--- Goal of the exercise ---
Every line of the data below that holds the string "image" needs to be reported.

--- Records contained in a dataset ---
------------------------------------------------------------

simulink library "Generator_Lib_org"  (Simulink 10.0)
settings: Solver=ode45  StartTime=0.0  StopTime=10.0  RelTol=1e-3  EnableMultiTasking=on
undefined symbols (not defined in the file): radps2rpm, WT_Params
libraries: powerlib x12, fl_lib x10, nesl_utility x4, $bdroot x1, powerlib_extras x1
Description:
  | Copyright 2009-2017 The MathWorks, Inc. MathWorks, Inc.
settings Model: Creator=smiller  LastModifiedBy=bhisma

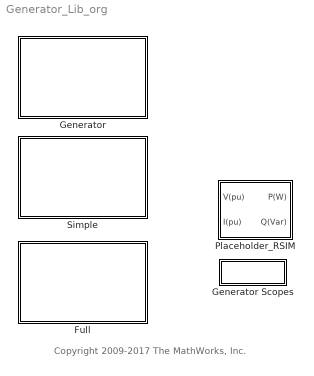
== system Generator_Lib_org ==
  note: Copyright 2009-2017 The MathWorks, Inc.
  Full : Subsystem
      mask Display:
      | image(imread('Generator_Full_IMAGE.jpg'));
      | port_label('LConn',1,'M');
      | port_label('LConn',2,'G');
      | port_label('RConn',1,'GrVa');
      | port_label('RConn',2,'GrVb');
      | port_label('RConn',3,'GrVc');
  Generator : Subsystem  BlockChoice=Full
      settings: TemplateBlock=self  MemberBlocks=Full,Simple
      mask Display: disp(' ')
  Generator Scopes : Subsystem
  Placeholder_RSIM : Subsystem
  Simple : Subsystem
      mask Display:
      | image(imread('Generator_Simple_IMAGE.jpg'));
      | port_label('LConn',1,'M');
      | port_label('LConn',2,'G');
      | port_label('RConn',1,'GrVa');
      | port_label('RConn',2,'GrVb');
      | port_label('RConn',3,'GrVc');

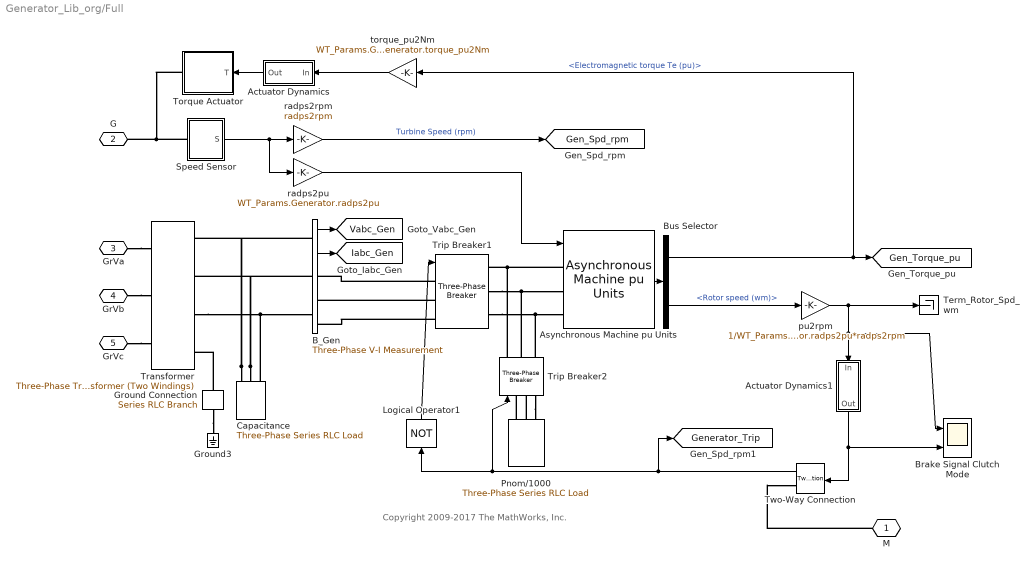
== system Generator_Lib_org/Full ==
  note: Copyright 2009-2017 The MathWorks, Inc.
  Actuator Dynamics : Subsystem  mask(First-order lag supporting vector signals){b=WT_Params.Generator.generator_time_constant, x_initial=0}
      mask prompts: b "Filter time constant"; x_initial "Initial output"
      mask help: Models a lag of the form 1/(b*s+1) where s is the Laplace operator.
  Actuator Dynamics1 : Subsystem  mask(First-order lag supporting vector signals){b=WT_Params.Generator.generator_time_constant, x_initial=0}
      mask prompts: b "Filter time constant"; x_initial "Initial output"
      mask help: Models a lag of the form 1/(b*s+1) where s is the Laplace operator.
  Asynchronous Machine pu Units : powerlib/Machines/Asynchronous Machine pu Units  RotorType=Squirrel-cage  PresetModel=No  MechanicalLoad=Speed w  ShowDetailedParameters=on  ReferenceFrame=Rotor  Units=pu  MeasurementBus=off  NominalParameters="[WT_Params.Generator.nominal_power  WT_Params.Generator.voltage WT_Params.Generator.frequency]"  Stator=[WT_Params.Generator.Stator.resistance WT_Params.Generator.Stator.inductance]  Rotor=[WT_Params.Generator.Rotor.resistance WT_Params.Generator.Rotor.inductance]  Cage1=[0.01909 0.0397]  Cage2=[0.01909 0.0397]  Lm=WT_Params.Generator.mutual_inductance  Mechanical=[0.09526 0.05479 3]  PolePairs=3  InitialConditions=[1 0 0 0 0 0 0 0]  SimulateSaturation=off  Saturation="[0.212,0.4201,0.8125,1.0979,1.4799,2.2457,3.2586,4.5763,6.4763 ;   0.5,0.7,0.9,1,1.1,1.2 ,1.3,1.4,1.5]"  LoadFlowParameters=1650000  TsPowergui=0  TsBlock=-1  IterativeModel=Forward Euler  IterativeDiscreteModel=Trapezoidal non iterative  Pmec=0
      settings: SourceProductName=Simscape Electrical  SourceProductBaseCode=PS
  B_Gen : powerlib/Measurements/Three-Phase V-I Measurement  VoltageMeasurement=phase-to-ground  SetLabelV=off  LabelV=Vabc  Vpu=on  VpuLL=off  CurrentMeasurement=yes  SetLabelI=off  LabelI=Iabc  Ipu=on  Pbase=WT_Params.Generator.nominal_power  Vbase=WT_Params.Generator.voltage  OutputType=Complex  PhasorSimulation=on  PSBequivalent=0
      settings: SourceProductName=Simscape Electrical
  Brake Signal Clutch Mode : Scope  NumInputPorts=2
  Bus Selector : BusSelector  OutputSignals=Mechanical.Electromagnetic torque Te (pu),Mechanical.Rotor speed (wm)
  Capacitance : powerlib/Elements/Three-Phase Series RLC Load  LConnTagsString=A|B|C  Configuration=Delta  NominalVoltage=WT_Params.Generator.voltage  Vabc=[1e3 1e3 1e3]  Vabcp=[1e3 1e3 1e3]  NominalFrequency=WT_Params.Generator.frequency  UnbalancedPower=off  ActivePower=0  InductivePower=0  CapacitivePower=200e3  Pabc=[10e3 9e3 11e3]  QLabc=[100 90 110]  QCabc=[100 90 110]  Pabcp=[10e3 9e3 11e3]  QLabcp=[100 90 110]  QCabcp=[100 90 110]  Measurements=None  LoadType=constant Z
      settings: SourceProductName=Simscape Electrical
  Ground Connection : powerlib/Elements/Series RLC Branch  LConnTagsString=__new0  RConnTagsString=__new0  BranchType=R  Resistance=10  Inductance=1.0  SetiL0=off  InitialCurrent=0  Capacitance=1.0  Setx0=off  InitialVoltage=0  Measurements=None
      settings: SourceProductName=Simscape Electrical
  Ground3 : powerlib/Elements/Ground  LConnTagsString=a
      settings: SourceProductName=Simscape Electrical
  Logical Operator1 : Logic  Operator=NOT  AllPortsSameDT=off  OutDataTypeStr=float('double')  SampleTime=0
  Pnom/1000 : powerlib/Elements/Three-Phase Series RLC Load  LConnTagsString=A|B|C  Configuration=Y (grounded)  NominalVoltage=WT_Params.Generator.voltage  Vabc=[1e3 1e3 1e3]  Vabcp=[1e3 1e3 1e3]  NominalFrequency=WT_Params.Generator.frequency  UnbalancedPower=off  ActivePower=WT_Params.Generator.nominal_power  InductivePower=0  CapacitivePower=0  Pabc=[10e3 9e3 11e3]  QLabc=[100 90 110]  QCabc=[100 90 110]  Pabcp=[10e3 9e3 11e3]  QLabcp=[100 90 110]  QCabcp=[100 90 110]  Measurements=None  LoadType=constant Z
      settings: SourceProductName=Simscape Electrical
  Speed Sensor : Subsystem
      mask Display:
      | plot([149.600878633536;150.016472378793;150.47508104106;150.972287968219;151.50330478576;152.063017511447;152.646035805762;153.246744883819;153.859359588817;154.477980106257;155.096648782383;155.709407499646;156.310355056631;156.893703999851;157.453836360095;157.985357756531;158.483149347555;158.942417128023;159.358738098149;159.728102859405;160.046954227227;160.312221488639;160.521349974904;160.672325664379;160.763694578642;160.794576785101;160.764674871227;160.674276808796;160.524253180566;160.316048796087;160.051668777399;159.733659248606;159.365082815313;158.949489070056;158.490880407788;157.993673480629;157.462656663088;156.908284800231], [156.971389291536;157.430657072004;157.84697804213;158.216342803387;158.535194171208;158.80046143262;159.009589918885;159.16056560836;159.251934522623;159.282816729083;159.252914815208;159.162516752777;159.012493124547;158.804288740068;158.53990872138;158.221899192587;157.853322759294;157.437729014037;156.979120351769;156.48191342461;155.950896607069;155.391183881382;154.808165587067;154.20745650901;153.594841804012;152.976221286573;152.357552610446;151.744793893183;151.143846336199;150.560497392978;150.000365032735;149.468843636298;148.971052045274;148.511784264806;148.095463294681;147.726098533424;147.407247165603;147.144199990631])
      | plot([152.057635404444;152.93604260309;153.834625296826;154.744729643097;155.657590839533;156.564417533794;157.45647648909;158.325176690034;159.162152078811;159.959342124889;160.709069452336;161.404113777147;162.037781442523;162.603969882449;163.097226392739;163.512800643557;163.846690427691;164.095680203997;164.257372064819;164.330208829146;164.313489039122;164.27939575172], [142.228020686971;141.979030910664;141.817339049842;141.744502285515;141.761222075539;141.867337399197;142.061826307913;142.342815767178;142.707599694895;143.152665022428;143.673725527376;144.265763112236;144.923076131425;145.639334301243;146.40763966397;147.220593018964;148.070365181011;148.948772379657;149.847355073393;150.757459419663;151.6703206161;152.055850472277])
      | plot([116.468514315784;116.438789536125;116.349901463023;116.202706137216;115.998621130155;115.739611892022;115.42817282337;115.067303252679;114.660478551187;114.211616663162;113.725040373958;113.205435679231;112.657806656235;112.087427271827;111.499790591278;110.900555877058;110.29549408704;109.690432297022;109.091197582803;108.503560902254;107.933181517846;107.38555249485;106.865947800123;106.379371510919;105.930509622894;105.523684921402;105.162815350711;104.851376282059;104.592367043926;104.388282036865;104.241086711057;104.152198637956;104.122473858297;104.152198637956;104.241086711057;104.388282036865;104.592367043926;104.851376282059;105.162815350711;105.523684921402;105.930509622894;106.379371510919;106.865947800123;107.38555249485;107.933181517846;108.503560902254;109.091197582803;109.690432297022;110.29549408704;110.900555877058;111.499790591278;112.087427271827;112.657806656235;113.205435679231;113.725040373958;114.211616663162;114.660478551187;115.067303252679;115.42817282337;115.739611892022;115.998621130155;116.202706137216;116.349901463023;116.438789536125;116.468514315784;116.468514315784], [111.618284136057;111.013222346039;110.413987631819;109.826350951271;109.255971566862;108.708342543866;108.188737849139;107.702161559936;107.253299671911;106.846474970419;106.485605399728;106.174166331075;105.915157092943;105.711072085881;105.563876760074;105.474988686973;105.445263907313;105.474988686973;105.563876760074;105.711072085881;105.915157092943;106.174166331075;106.485605399728;106.846474970419;107.253299671911;107.702161559936;108.188737849139;108.708342543866;109.255971566862;109.826350951271;110.413987631819;111.013222346039;111.618284136057;112.223345926075;112.822580640295;113.410217320843;113.980596705252;114.528225728247;115.047830422975;115.534406712178;115.983268600203;116.390093301695;116.750962872386;117.062401941038;117.321411179171;117.525496186232;117.67269151204;117.761579585141;117.7913043648;117.761579585141;117.67269151204;117.525496186232;117.321411179171;117.062401941038;116.750962872386;116.390093301695;115.983268600203;115.534406712178;115.047830422975;114.528225728247;113.980596705252;113.410217320843;112.822580640295;112.223345926075;111.618284136057;111.618284136057])
      | plot([239.23602886498;238.828071429858;237.608127977604;235.587947230552;232.78698463364;229.232214987837;224.957872668068;220.005121927465;214.421660463109;208.261260061133;201.583248745024;194.451939414329;186.936010476274;179.107844435155;171.042830809261;162.818640088593;154.514475725591;146.210311362589;137.986120641921;129.921107016027;122.092940974909;114.577012036853;107.445702706158;100.76769139005;94.607290988073;89.0238295237172;84.0710787831142;79.7967364633452;76.2419668175427;73.4410042206305;71.4208234735788;70.2008800213248;69.7929225862026;70.2008800213248;71.4208234735788;73.4410042206306;76.2419668175428;79.7967364633454;84.0710787831144;89.0238295237174;94.6072909880733;100.76769139005;107.445702706159;114.577012036853;122.092940974909;129.921107016027;137.986120641921;146.210311362589;154.514475725591;162.818640088593;171.042830809261;179.107844435155;186.936010476274;194.451939414329;201.583248745024;208.261260061133;214.421660463109;220.005121927465;224.957872668068;229.232214987837;232.78698463364;235.587947230552;237.608127977604;238.828071429858;239.23602886498;239.23602886498], [155.774275772274;147.47628550917;139.258209428443;131.199192095207;123.376846251889;115.866505365088;108.740498123116;102.067451871182;95.9116316925529;90.3323215006612;85.3832531026163;81.1120887325275;77.5599620381344;74.7610819412943;72.742403187363;71.5233667562631;71.1157126352191;71.5233667562631;72.742403187363;74.7610819412943;77.5599620381345;81.1120887325275;85.3832531026164;90.3323215006612;95.9116316925529;102.067451871182;108.740498123116;115.866505365089;123.376846251889;131.199192095207;139.258209428443;147.47628550917;155.774275772274;164.072266035377;172.290342116104;180.34935944934;188.171705292658;195.682046179459;202.808053421432;209.481099673365;215.636919851994;221.216230043886;226.165298441931;230.43646281202;233.988589506413;236.787469603253;238.806148357184;240.025184788284;240.432838909328;240.025184788284;238.806148357184;236.787469603253;233.988589506413;230.43646281202;226.165298441931;221.216230043886;215.636919851994;209.481099673365;202.808053421432;195.682046179459;188.171705292658;180.34935944934;172.290342116105;164.072266035378;155.774275772274;155.774275772274])
      | plot([252.715889364481;252.243022716633;250.828976737403;248.487369462568;245.240751850236;241.120390602797;236.165967051481;230.425195003451;223.953361231755;216.812793033479;209.072257983804;200.806301666664;192.094529760025;183.020841389688;173.672621134841;164.139897466795;154.514475725591;144.889053984387;135.356330316341;126.008110061494;116.934421691157;108.222649784518;99.9566934673787;92.2161584177032;85.075590219427;78.6037564477313;72.8629843997015;67.9085608483856;63.7881996009461;60.5415819886144;58.199974713779;56.7859287345493;56.3130620867014;56.7859287345493;58.1999747137791;60.5415819886146;63.7881996009463;67.9085608483858;72.8629843997018;78.6037564477315;85.0755902194273;92.2161584177035;99.9566934673791;108.222649784519;116.934421691157;126.008110061494;135.356330316341;144.889053984387;154.514475725591;164.139897466796;173.672621134841;183.020841389688;192.094529760025;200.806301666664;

------------------------------------------------------------

--- Solved exercise ---
      | image(imread('Generator_Full_IMAGE.jpg'));
      | image(imread('Generator_Simple_IMAGE.jpg'));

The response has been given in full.